BEGIN Given data

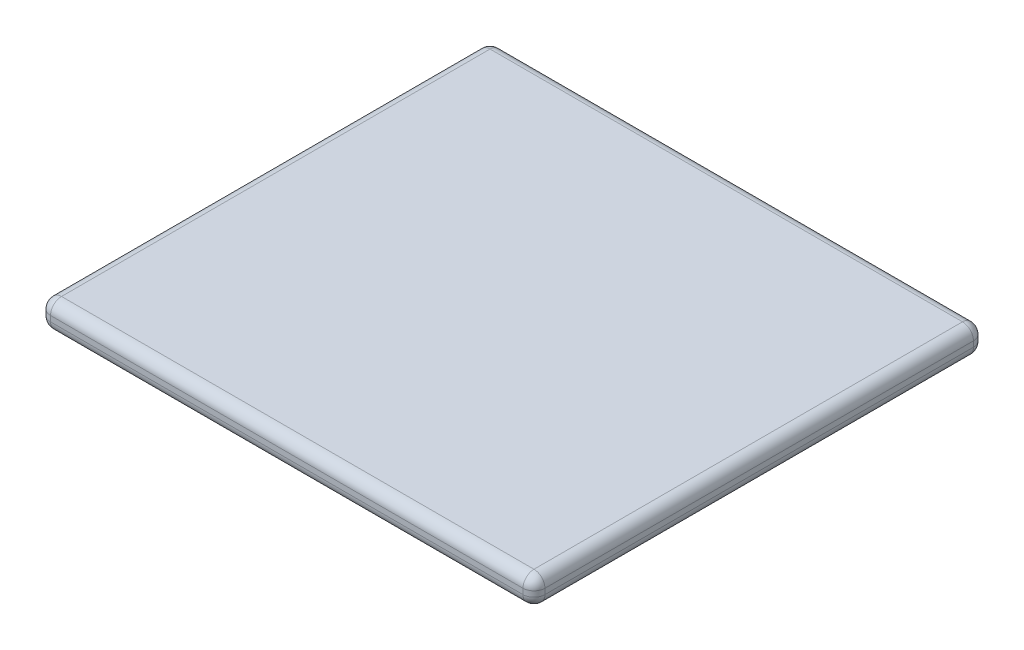
SolidWorks part; units mm, degrees
ref_plane "Front Plane" through (0, 0, 0) normal (0, 0, 1) x (1, 0, 0)
ref_plane "Top Plane" through (0, 0, 0) normal (0, 1, 0) x (1, 0, 0)
ref_plane "Right Plane" through (0, 0, 0) normal (1, 0, 0) x (0, 0, -1)
sketch "Sketch1" plane through (0, 0, 0) normal (0, 1, 0) x (1, 0, 0)
  line L1 (-205, 205) -> (245, 205)
  line L2 (-205, 205) -> (-205, -205)
  line L3 (-205, -205) -> (245, -205)
  line L4 (245, -205) -> (245, 205)
  dimension "D2" = 450
extrude "Boss-Extrude1" add sketch "Sketch1" along normal blind 25
fillet "Fillet1" radius 10 12 edges at (245, 12.5, -205) (-205, 12.5, -205) (-205, 12.5, 205) (245, 12.5, 205) (20, 25, 205) (-205, 25, 0) (20, 25, -205) (245, 25, 0) (20, 0, -205) (-205, 0, 0) (20, 0, 205) (245, 0, 0)
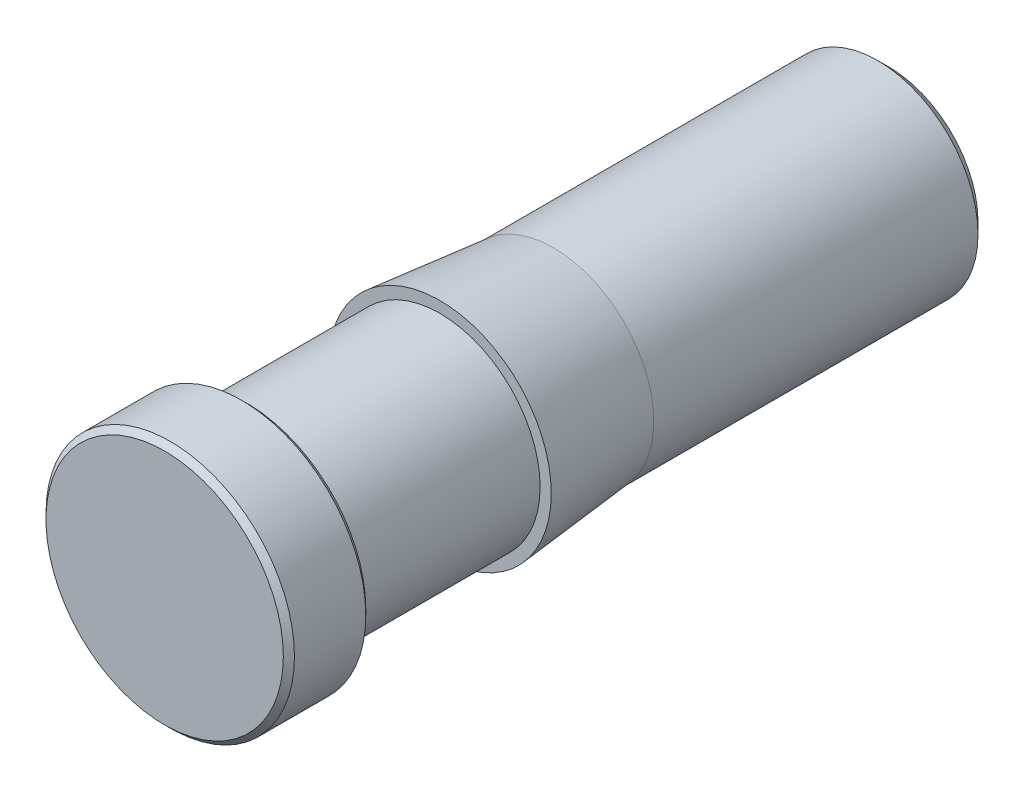
SolidWorks part; units mm, degrees
ref_plane "Plan de face" through (0, 0, 0) normal (0, 0, 1) x (1, 0, 0)
ref_plane "Plan de dessus" through (0, 0, 0) normal (0, 1, 0) x (1, 0, 0)
ref_plane "Plan de droite" through (0, 0, 0) normal (1, 0, 0) x (0, 0, -1)
sketch "Esquisse1" plane through (0, 0, 0) normal (0, 1, 0) x (1, 0, 0)
  line L0 (0.65, 5.17) -> (0, 4.7947)
  line L1 (0, 4.7947) -> (0, 0)
  line L2 (0, 0) -> (1.065, 0)
  line L3 (1.065, 0) -> (1.115, 0.05)
  line L4 (1.115, 0.05) -> (1.115, 0.69)
  line L5 (1.115, 0.69) -> (1.065, 0.74)
  line L6 (1.065, 0.74) -> (0.9, 0.74)
  line L7 (0.9, 0.74) -> (0.9, 2.47)
  line L8 (0.9, 2.47) -> (1, 2.47)
  line L9 (1, 2.47) -> (0.9, 3.49)
  line L10 (0.9, 3.49) -> (0.9, 6.4)
  line L11 (0.9, 6.4) -> (0.8, 6.5)
  line L12 (0.8, 6.5) -> (0.7, 6.5)
  line L13 (0.7, 6.5) -> (0.65, 6.45)
  line L14 (0.65, 6.45) -> (0.65, 5.17)
  line L15 (0, 6.5) -> (0, 0) construction
revolve "Révolution1" add sketch "Esquisse1" angle 360 about L15

END Given data

§ **Exercise instructions**: From the line containing "line L2 (0, 0) -> (1.065, 0)" down to the last line of the material, each line is to be retyped exactly; no other lines belong in the answer.

§ **Task solution**:
  line L2 (0, 0) -> (1.065, 0)
  line L3 (1.065, 0) -> (1.115, 0.05)
  line L4 (1.115, 0.05) -> (1.115, 0.69)
  line L5 (1.115, 0.69) -> (1.065, 0.74)
  line L6 (1.065, 0.74) -> (0.9, 0.74)
  line L7 (0.9, 0.74) -> (0.9, 2.47)
  line L8 (0.9, 2.47) -> (1, 2.47)
  line L9 (1, 2.47) -> (0.9, 3.49)
  line L10 (0.9, 3.49) -> (0.9, 6.4)
  line L11 (0.9, 6.4) -> (0.8, 6.5)
  line L12 (0.8, 6.5) -> (0.7, 6.5)
  line L13 (0.7, 6.5) -> (0.65, 6.45)
  line L14 (0.65, 6.45) -> (0.65, 5.17)
  line L15 (0, 6.5) -> (0, 0) construction
revolve "Révolution1" add sketch "Esquisse1" angle 360 about L15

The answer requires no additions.